I pazienti furono divisi in due gruppi: a un gruppo fu assegnata una psicoterapia psicoanalitica una volta a settimana per due anni, all’altro 20 sedute di CBT nell’arco di 5 mesi.
Entrambi i gruppi mostrarono miglioramenti, ma i risultati ottenuti per il gruppo trattato con CBT furono nettamente maggiori: dopo 5 mesi il 42% dei pazienti in CBT non presentava più condotte di purging e abbuffate, contro il 6% dei pazienti in psicoterapia psicoanalitica; dopo 2 anni il 44% dei pazienti in CBT non presentava più condotte di purging e abbuffate (a distanza di un anno e mezzo dal termine del trattamento), contro il 15% dei pazienti in psicoterapia psicoanalitica.
Perché questo studio è così importante per la discussione sull’efficacia delle psicoterapie?
Perché i terapeuti che hanno condotto il trial e che hanno somministrato la CBT erano… psicoanalisti! Per l’occasione infatti Stig Poulsen e Susanne Lunn hanno seguito per due giorni un training CBT per i disturbi del comportamento alimentare condotto niente meno che da Christopher Fairburn, oltre a essere costantemente supervisionati nel lavoro terapeutico durante i 5 mesi di psicoterapia.

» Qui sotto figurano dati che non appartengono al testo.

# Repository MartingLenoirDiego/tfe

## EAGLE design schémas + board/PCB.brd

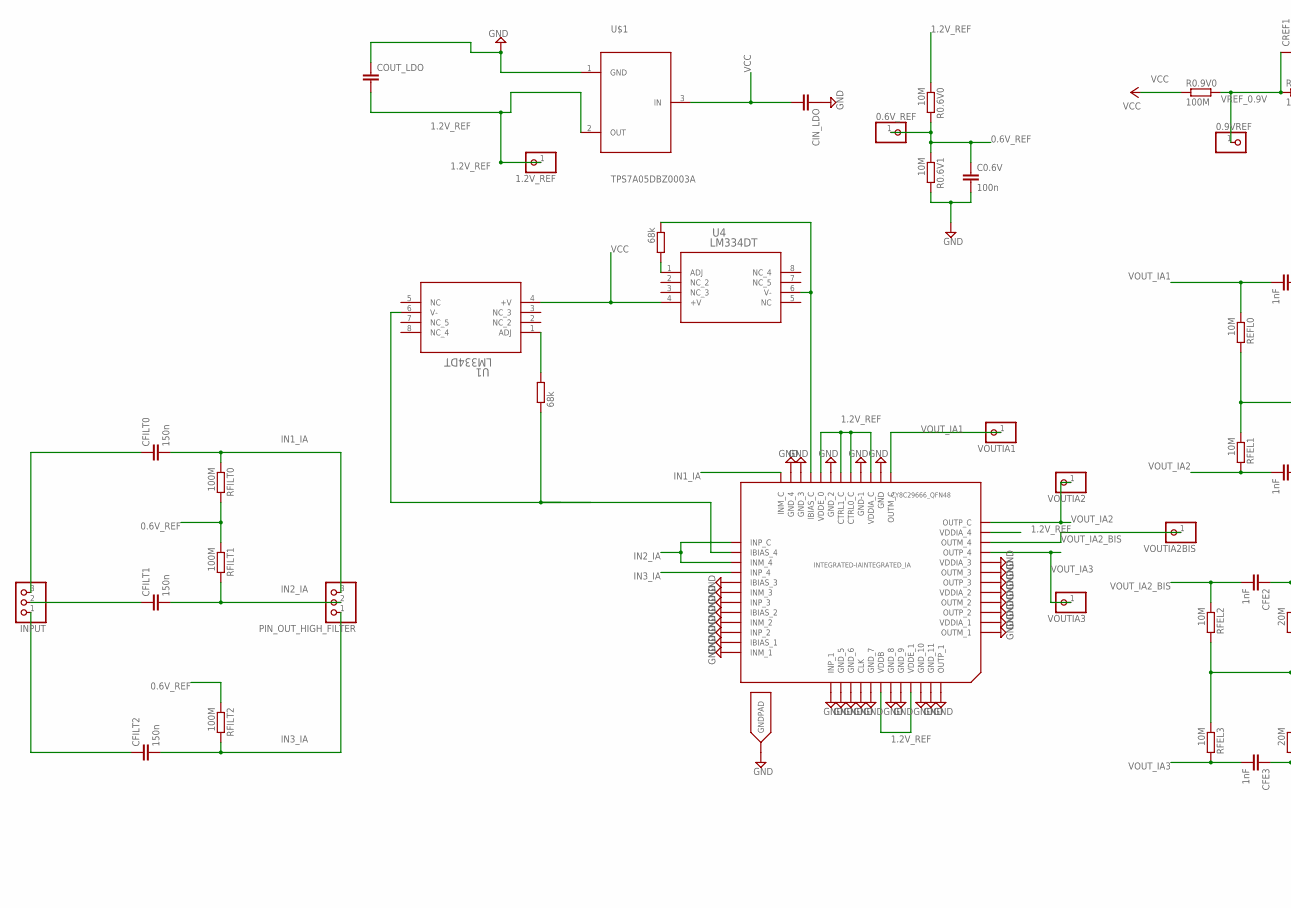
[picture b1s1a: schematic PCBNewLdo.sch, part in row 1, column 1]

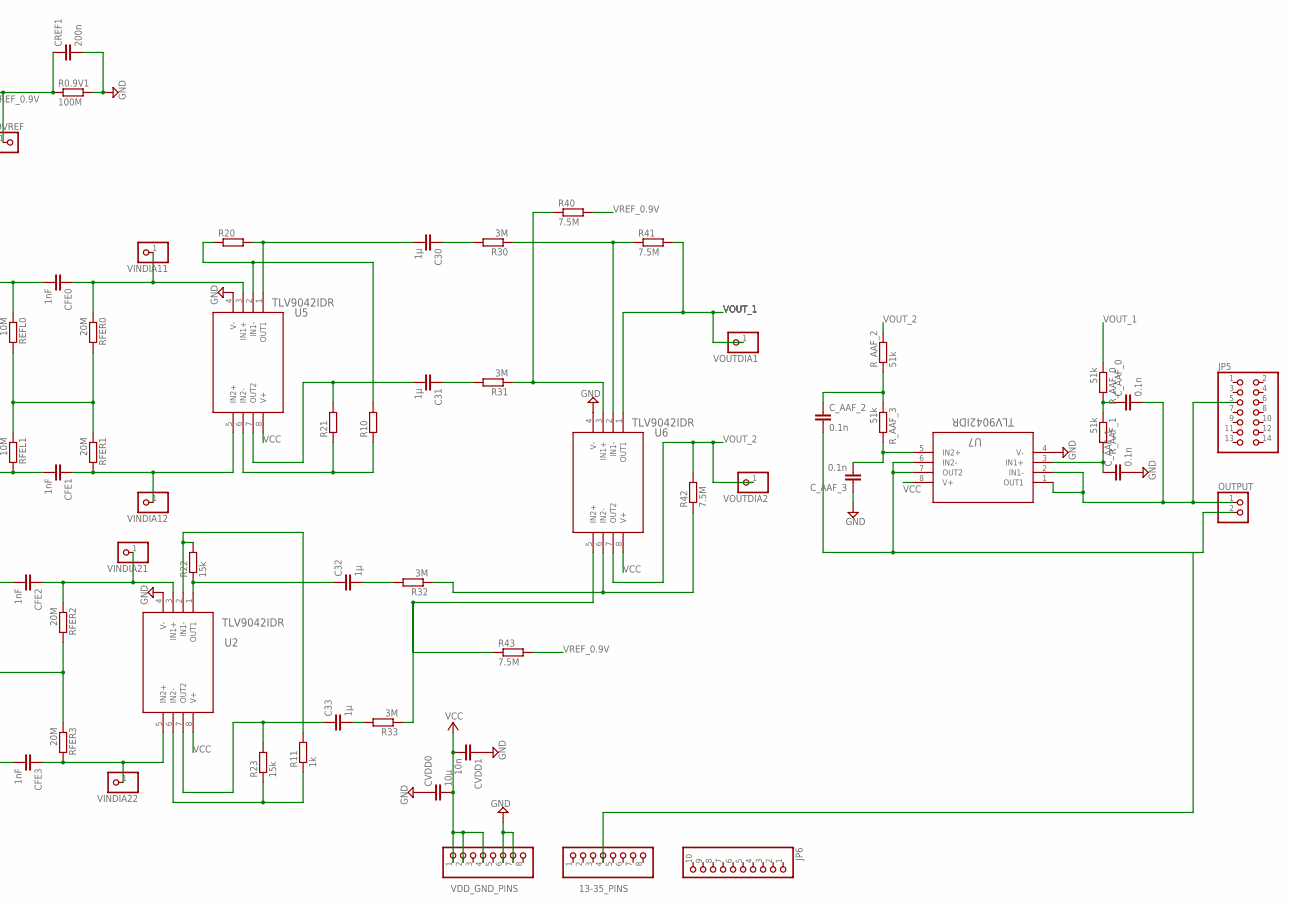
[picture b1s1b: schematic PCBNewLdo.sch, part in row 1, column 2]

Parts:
0.6V_REF, 0.9VREF, 1.2V_REF: PINHD-1X1; 1X01
13-35_PINS: PINHD-1X8; 1X08
C0.6V: 100n; C0603
C30, C31, C32, C33: 1µ; C0603
CFE0, CFE1, CFE2, CFE3: 1nF; C0603
CFILT0, CFILT1, CFILT2: 150n; C0603
CIN_LDO: 1µ; C0603
COUT_LDO: 4.7µ; C0603
CREF1: 200n; C0603
CVDD0: 10µ; C0603
CVDD1: 10n; C0603
C_AAF_0, C_AAF_1, C_AAF_2, C_AAF_3: 0.1n; C0603
INPUT: PINHD-1X3; 1X03
INTEGRATED-IA: CY8C29666_QFN48; QFN48
JP5: PINHD-2X7; 2X07
JP6: PINHD-1X10; 1X10
OUTPUT: PINHD-1X2; 1X02
PIN_OUT_HIGH_FILTER: PINHD-1X3; 1X03
R0.6V0, R0.6V1: 10M; R0603
R0.9V0, R0.9V1: 100M; R0603
R10, R20, R21: R-EU_R0603; R0603
R11: 1k; R0603
R22, R23: 15k; R0603
R30, R31, R32, R33: 3M; R0603
R40, R41, R42, R43: 7.5M; R0603
REFL0: 10M; R0603
RFEL1, RFEL2, RFEL3: 10M; R0603
RFER0, RFER1, RFER2, RFER3: 20M; R0603
RFILT0, RFILT1, RFILT2: 100M; R0603
RLM334_0, RLM334_1: 68k; R0603
R_AAF_0, R_AAF_1, R_AAF_2, R_AAF_3: 51k; R0603
U1, U4: LM334DT; SO-8_STM
U2, U5, U6, U7: TLV9042IDR; SOIC8_D_TEX
U$1: TPS7A05DBZ0003A; TFE
VDD_GND_PINS: PINHD-1X8; 1X08
VINDIA11, VINDIA12, VINDIA21, VINDIA22: PINHD-1X1; 1X01
VOUTDIA1, VOUTDIA2: PINHD-1X1; 1X01
VOUTIA1, VOUTIA2, VOUTIA2BIS, VOUTIA3: PINHD-1X1; 1X01

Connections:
0.6V_REF: 0.6V_REF.1, C0.6V.1, R0.6V0.2, R0.6V1.1, RFILT0.2, RFILT1.1, RFILT2.1
1.2V_REF: 1.2V_REF.1, COUT_LDO.2, INTEGRATED-IA.11 (VDDIA_4), INTEGRATED-IA.15 (VDDIA_C), INTEGRATED-IA.17 (CTRL0_C), INTEGRATED-IA.18 (CTRL1_C), INTEGRATED-IA.20 (VDDE_0), INTEGRATED-IA.42 (VDDB), INTEGRATED-IA.45 (VDDE_1), R0.6V0.1, U$1.2 (OUT); also elsewhere on the board
GND: C0.6V.2, CIN_LDO.1, COUT_LDO.1, CREF1.2, CVDD0.1, CVDD1.1, C_AAF_1.2, C_AAF_3.1, INTEGRATED-IA.1 (OUTM_1), INTEGRATED-IA.2 (VDDIA_1), INTEGRATED-IA.3 (OUTP_2), INTEGRATED-IA.4 (OUTM_2), INTEGRATED-IA.5 (VDDIA_2), INTEGRATED-IA.6 (OUTP_3), INTEGRATED-IA.7 (OUTM_3), INTEGRATED-IA.8 (VDDIA_3), INTEGRATED-IA.14 (GND), INTEGRATED-IA.16 (GND-1), INTEGRATED-IA.19 (GND_2), INTEGRATED-IA.22 (GND_3), INTEGRATED-IA.23 (GND_4), INTEGRATED-IA.29 (IBIAS_3), INTEGRATED-IA.30 (INM_3), INTEGRATED-IA.31 (INP_3), INTEGRATED-IA.32 (IBIAS_2), INTEGRATED-IA.33 (INM_2), INTEGRATED-IA.34 (INP_2), INTEGRATED-IA.35 (IBIAS_1), INTEGRATED-IA.36 (INM_1), INTEGRATED-IA.37 (INP_1), INTEGRATED-IA.38 (GND_5), INTEGRATED-IA.39 (GND_6), INTEGRATED-IA.40 (CLK), INTEGRATED-IA.41 (GND_7), INTEGRATED-IA.43 (GND_8), INTEGRATED-IA.44 (GND_9), INTEGRATED-IA.46 (GND_10), INTEGRATED-IA.47 (GND_11), INTEGRATED-IA.48 (OUTP_1), INTEGRATED-IA.EXP (GNDPAD), R0.6V1.2, R0.9V1.2, U2.4 (V-), U5.4 (V-), U6.4 (V-), U7.4 (V-), U$1.1 (GND), VDD_GND_PINS.6, VDD_GND_PINS.7; also elsewhere on the board
IN1_IA: CFILT0.2, INTEGRATED-IA.24 (INM_C), PIN_OUT_HIGH_FILTER.3, RFILT0.1
IN2_IA: CFILT1.2, INTEGRATED-IA.25 (INP_C), INTEGRATED-IA.27 (INM_4), PIN_OUT_HIGH_FILTER.2, RFILT1.2
IN3_IA: CFILT2.2, INTEGRATED-IA.28 (INP_4), PIN_OUT_HIGH_FILTER.1, RFILT2.2
unnamed: C33.2, R33.2
unnamed: C32.1, R22.1, U2.1 (OUT1)
unnamed: C32.2, R32.2
unnamed: R32.1, R42.1, U6.6 (IN2-)
unnamed: CFILT2.1, INPUT.1
unnamed: R33.1, R43.1, U6.5 (IN2+)
unnamed: REFL0.2, RFEL1.1, RFER0.2, RFER1.1
unnamed: R31.1, R40.1, U6.3 (IN1+)
unnamed: C31.1, R31.2
unnamed: C30.1, R30.2
unnamed: C31.2, R21.2, U5.7 (OUT2)
unnamed: RLM334_1.2, U1.1 (ADJ)
unnamed: CFILT0.1, INPUT.3
unnamed: RLM334_0.2, U4.1 (ADJ)
unnamed: C_AAF_2.1, R_AAF_2.1, R_AAF_3.1
unnamed: C30.2, R20.2, U5.1 (OUT1)
unnamed: C_AAF_0.1, R_AAF_0.2, R_AAF_1.1
unnamed: C_AAF_1.1, R_AAF_1.2, U7.3 (IN1+)
unnamed: C_AAF_3.2, R_AAF_3.2, U7.5 (IN2+)
unnamed: 13-35_PINS.4, C_AAF_2.2, OUTPUT.2, U7.6 (IN2-), U7.7 (OUT2)
unnamed: C_AAF_0.2, JP5.5, OUTPUT.1, U7.1 (OUT1), U7.2 (IN1-)
unnamed: R30.1, R41.1, U6.2 (IN1-)
unnamed: R10.1, R21.1, U5.6 (IN2-)
unnamed: C33.1, R23.2, U2.7 (OUT2)
unnamed: R11.1, R23.1, U2.6 (IN2-)
unnamed: R10.2, R20.1, U5.2 (IN1-)
unnamed: INTEGRATED-IA.26 (IBIAS_4), RLM334_1.1, U1.6 (V-)
unnamed: R11.2, R22.2, U2.2 (IN1-)
unnamed: CFE3.1, RFER3.2, U2.5 (IN2+), VINDIA22.1
unnamed: RFEL2.2, RFEL3.1, RFER2.2, RFER3.1
unnamed: CFE2.1, RFER2.1, U2.3 (IN1+), VINDIA21.1
unnamed: INTEGRATED-IA.21 (IBIAS_C), RLM334_0.1, U4.6 (V-)
unnamed: CFE0.1, RFER0.1, U5.3 (IN1+), VINDIA11.1
unnamed: CFE1.1, RFER1.2, U5.5 (IN2+), VINDIA12.1
unnamed: CFILT1.1, INPUT.2
VCC: CIN_LDO.2, CVDD0.2, CVDD1.2, R0.9V0.1, U1.4 (+V), U2.8 (V+), U4.4 (+V), U5.8 (V+), U6.8 (V+), U7.8 (V+), U$1.3 (IN), VDD_GND_PINS.1, VDD_GND_PINS.2, VDD_GND_PINS.4; also elsewhere on the board
VOUT_1: R41.2, R_AAF_0.1, U6.1 (OUT1), VOUTDIA1.1
VOUT_2: R42.2, R_AAF_2.2, U6.7 (OUT2), VOUTDIA2.1
VOUT_IA1: CFE0.2, INTEGRATED-IA.13 (OUTM_C), REFL0.1, VOUTIA1.1
VOUT_IA2: CFE1.2, INTEGRATED-IA.12 (OUTP_C), RFEL1.2, VOUTIA2.1
VOUT_IA2_BIS: CFE2.2, INTEGRATED-IA.10 (OUTM_4), RFEL2.1, VOUTIA2BIS.1
VOUT_IA3: CFE3.2, INTEGRATED-IA.9 (OUTP_4), RFEL3.2, VOUTIA3.1
VREF_0.9V: 0.9VREF.1, CREF1.1, R0.9V0.2, R0.9V1.1, R40.2, R43.2

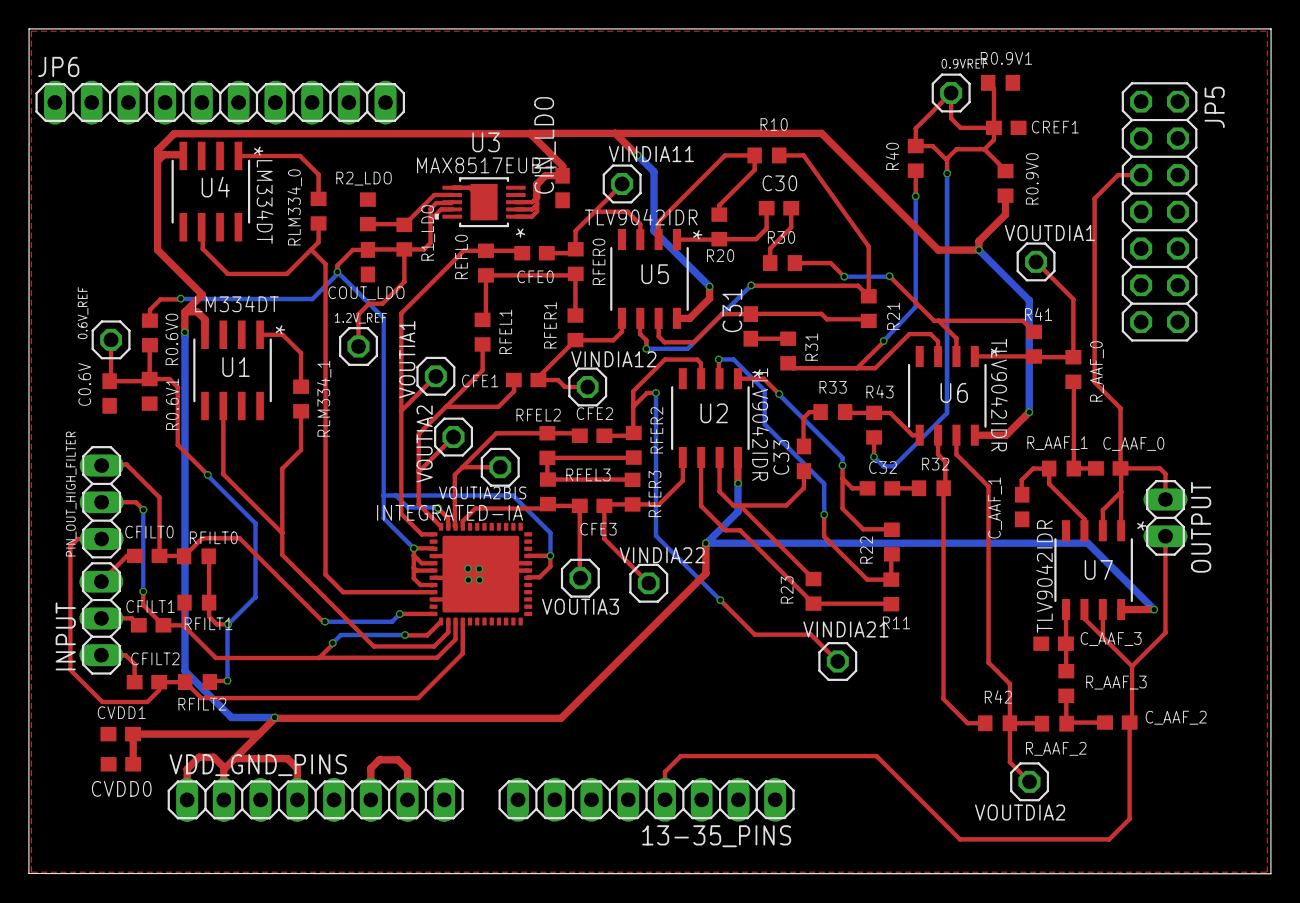
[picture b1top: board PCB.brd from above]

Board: 2 copper layers, 85.9 x 58.4 mm, 86 parts (0 on the bottom side), 50 nets.

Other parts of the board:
R1_LDO: 280k; R0603
R2_LDO: 200k; R0603
U3: MAX8517EUB+; 21-0109D_MXM

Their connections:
1.2V_REF: R1_LDO.2, U3.8, U3.9; also elsewhere on the board
GND: R2_LDO.2, U3.6, U3.EPAD; also elsewhere on the board
unnamed: R1_LDO.1, R2_LDO.1, U3.7
VCC: U3.1, U3.2, U3.3; also elsewhere on the board

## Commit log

2022-03-17 arborescence
2022-03-30 mise à jour bom
2022-05-09 last
2022-05-09 code transfert uart
2022-05-23 code uart adc
2022-05-23 test
2022-06-02 code python + apollo
2022-06-02 modif structure
2022-06-03 rapport
2022-06-04 finalisation message erreur
2022-06-05 modif

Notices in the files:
parts and their libraries:
COPYRIGHT: Copyright (C) 2018 Accelerated Designs. All rights reserved

E nel probabile tentativo di dimostrare l’efficacia del proprio approccio sono giunti alla conclusione opposta, tanto da auspicare lo sviluppo di una versione della psicoterapia psicoanalitica per la bulimia più strutturata e focalizzata sul sintomo.
Il verdetto del dodo risulta quindi ormai superato; è invece importante riconoscere che esistono trattamenti maggiormente indicati per determinati disturbi e che è necessario muoversi in questa direzione per identificare e migliorare sempre più interventi e protocolli specifici, così da indirizzare i pazienti verso il miglior trattamento evidence based disponibile ed efficace per la loro condizione; con buona pace di Rosenzweig, Luborsky e del dodo.